Sportsman Channel Personality Killed in Murder-Suicide - The Hollywood Reporter

Also

Suspecting infidelity, woman slits husband's throat - Hindustan Times

Mom strangles kid to death - The New Indian Express


----------



## larry.gray (Feb 21, 2011)

My cousin is a big city homicide detective. She's talked about several of these cases. Most murders are losers killing other losers, but when you're talking about murders of 'normal' people this is one of the leading causes.


----------



## bfree (Sep 30, 2012)

I'd like to know why police, media and others are so reluctant to admit that infidelity could be or is the cause for many of these murders.
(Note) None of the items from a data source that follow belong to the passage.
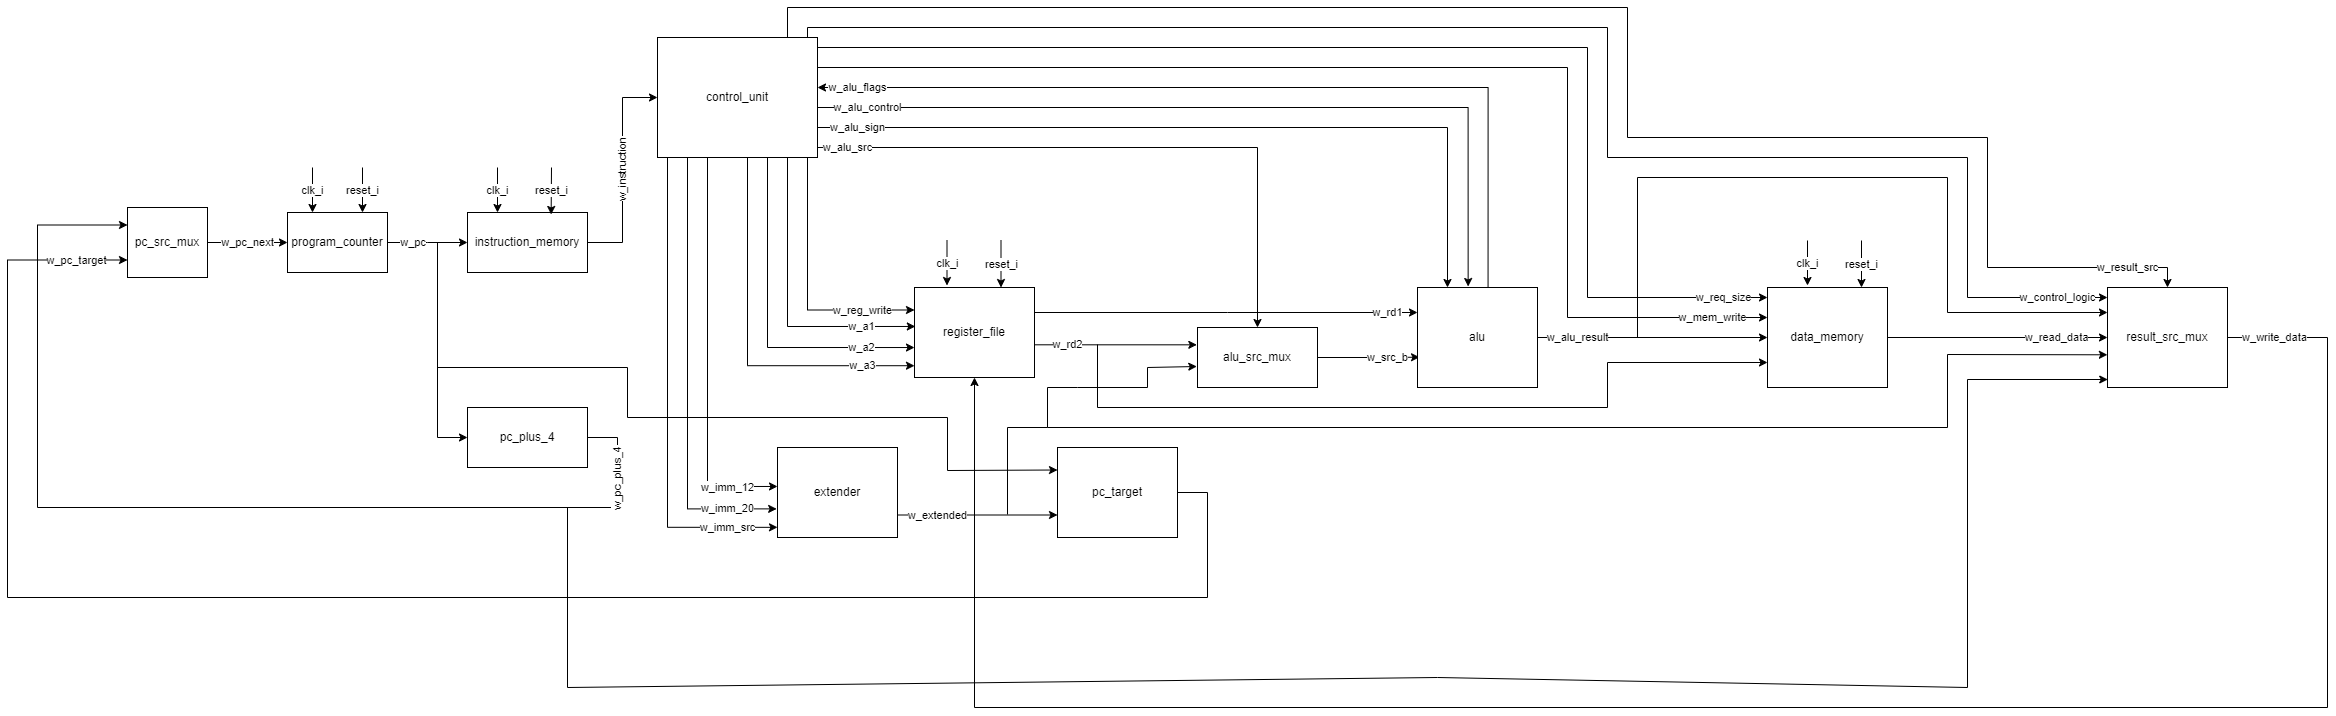

The diagram above was exported from draw.io. Its source (the exported page's mxGraphModel, read from the mxfile embedded in the PNG):
<mxGraphModel dx="1827" dy="1759" grid="1" gridSize="10" guides="1" tooltips="1" connect="1" arrows="1" fold="1" page="1" pageScale="1" pageWidth="827" pageHeight="1169" background="none" math="0" shadow="0">
  <root>
    <mxCell id="0" />
    <mxCell id="1" parent="0" />
    <mxCell id="n12F4y6C9R5UD-rfNiFO-6" value="w_pc_next" style="edgeStyle=orthogonalEdgeStyle;rounded=0;orthogonalLoop=1;jettySize=auto;html=1;entryX=0;entryY=0.5;entryDx=0;entryDy=0;" edge="1" parent="1" source="n12F4y6C9R5UD-rfNiFO-4" target="n12F4y6C9R5UD-rfNiFO-5">
      <mxGeometry relative="1" as="geometry" />
    </mxCell>
    <mxCell id="n12F4y6C9R5UD-rfNiFO-4" value="pc_src_mux" style="rounded=0;whiteSpace=wrap;html=1;" vertex="1" parent="1">
      <mxGeometry x="40" y="200" width="80" height="70" as="geometry" />
    </mxCell>
    <mxCell id="n12F4y6C9R5UD-rfNiFO-8" value="w_pc" style="edgeStyle=orthogonalEdgeStyle;rounded=0;orthogonalLoop=1;jettySize=auto;html=1;entryX=0;entryY=0.5;entryDx=0;entryDy=0;align=right;strokeColor=default;" edge="1" parent="1" source="n12F4y6C9R5UD-rfNiFO-5" target="n12F4y6C9R5UD-rfNiFO-7">
      <mxGeometry relative="1" as="geometry">
        <Array as="points">
          <mxPoint x="340" y="235" />
          <mxPoint x="340" y="235" />
        </Array>
      </mxGeometry>
    </mxCell>
    <mxCell id="n12F4y6C9R5UD-rfNiFO-5" value="program_counter" style="rounded=0;whiteSpace=wrap;html=1;" vertex="1" parent="1">
      <mxGeometry x="200" y="205" width="100" height="60" as="geometry" />
    </mxCell>
    <mxCell id="n12F4y6C9R5UD-rfNiFO-15" value="w_instruction" style="edgeStyle=orthogonalEdgeStyle;rounded=0;orthogonalLoop=1;jettySize=auto;html=1;entryX=0;entryY=0.5;entryDx=0;entryDy=0;horizontal=0;" edge="1" parent="1" source="n12F4y6C9R5UD-rfNiFO-7" target="n12F4y6C9R5UD-rfNiFO-14">
      <mxGeometry relative="1" as="geometry" />
    </mxCell>
    <mxCell id="n12F4y6C9R5UD-rfNiFO-7" value="instruction_memory" style="rounded=0;whiteSpace=wrap;html=1;" vertex="1" parent="1">
      <mxGeometry x="380" y="205" width="120" height="60" as="geometry" />
    </mxCell>
    <mxCell id="n12F4y6C9R5UD-rfNiFO-13" value="w_pc_plus_4" style="edgeStyle=orthogonalEdgeStyle;rounded=0;orthogonalLoop=1;jettySize=auto;html=1;entryX=0;entryY=0.25;entryDx=0;entryDy=0;align=center;horizontal=0;" edge="1" parent="1" source="n12F4y6C9R5UD-rfNiFO-9" target="n12F4y6C9R5UD-rfNiFO-4">
      <mxGeometry x="-0.867" relative="1" as="geometry">
        <Array as="points">
          <mxPoint x="530" y="430" />
          <mxPoint x="530" y="500" />
          <mxPoint x="-50" y="500" />
          <mxPoint x="-50" y="218" />
        </Array>
        <mxPoint y="1" as="offset" />
      </mxGeometry>
    </mxCell>
    <mxCell id="n12F4y6C9R5UD-rfNiFO-9" value="pc_plus_4" style="rounded=0;whiteSpace=wrap;html=1;" vertex="1" parent="1">
      <mxGeometry x="380" y="400" width="120" height="60" as="geometry" />
    </mxCell>
    <mxCell id="n12F4y6C9R5UD-rfNiFO-11" value="" style="endArrow=classic;html=1;rounded=0;entryX=0;entryY=0.5;entryDx=0;entryDy=0;" edge="1" parent="1" target="n12F4y6C9R5UD-rfNiFO-9">
      <mxGeometry width="50" height="50" relative="1" as="geometry">
        <mxPoint x="350" y="235" as="sourcePoint" />
        <mxPoint x="440" y="300" as="targetPoint" />
        <Array as="points">
          <mxPoint x="350" y="430" />
        </Array>
      </mxGeometry>
    </mxCell>
    <mxCell id="n12F4y6C9R5UD-rfNiFO-29" value="w_a3" style="edgeStyle=orthogonalEdgeStyle;rounded=0;orthogonalLoop=1;jettySize=auto;html=1;entryX=0;entryY=0.869;entryDx=0;entryDy=0;entryPerimeter=0;horizontal=1;" edge="1" parent="1" source="n12F4y6C9R5UD-rfNiFO-14" target="n12F4y6C9R5UD-rfNiFO-26">
      <mxGeometry x="0.7208" relative="1" as="geometry">
        <Array as="points">
          <mxPoint x="660" y="358" />
        </Array>
        <mxPoint as="offset" />
      </mxGeometry>
    </mxCell>
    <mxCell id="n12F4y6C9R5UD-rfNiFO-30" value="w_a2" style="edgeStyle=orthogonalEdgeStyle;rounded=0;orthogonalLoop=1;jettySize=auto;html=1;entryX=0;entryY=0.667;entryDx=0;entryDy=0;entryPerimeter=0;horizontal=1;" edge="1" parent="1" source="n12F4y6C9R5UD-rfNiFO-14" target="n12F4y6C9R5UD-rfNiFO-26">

Maybe people would think twice if they knew that the pain of being betrayed was so excruciating that it could drive someone to commit these terrible acts of violence.


----------



## phillybeffandswiss (Jan 20, 2013)

They do, but they lump them under domestic problems so the truth gets lost. If you look, you'll find plenty in America, Honey Boo Boo and Kardashian's "who's she sleeping with now" is more important.


----------



## larry.gray (Feb 21, 2011)

Yep, it's exactly as philly says. 

Particularly when it's a murder / suicide. Yep, he killed her and himself, case closed.


----------



## SaltInWound (Jan 2, 2013)

In central Florida today a 70 year old man walked in on his 42 year old wife having sex with her 32 year old boyfriend. Old man kills wife's lover.


----------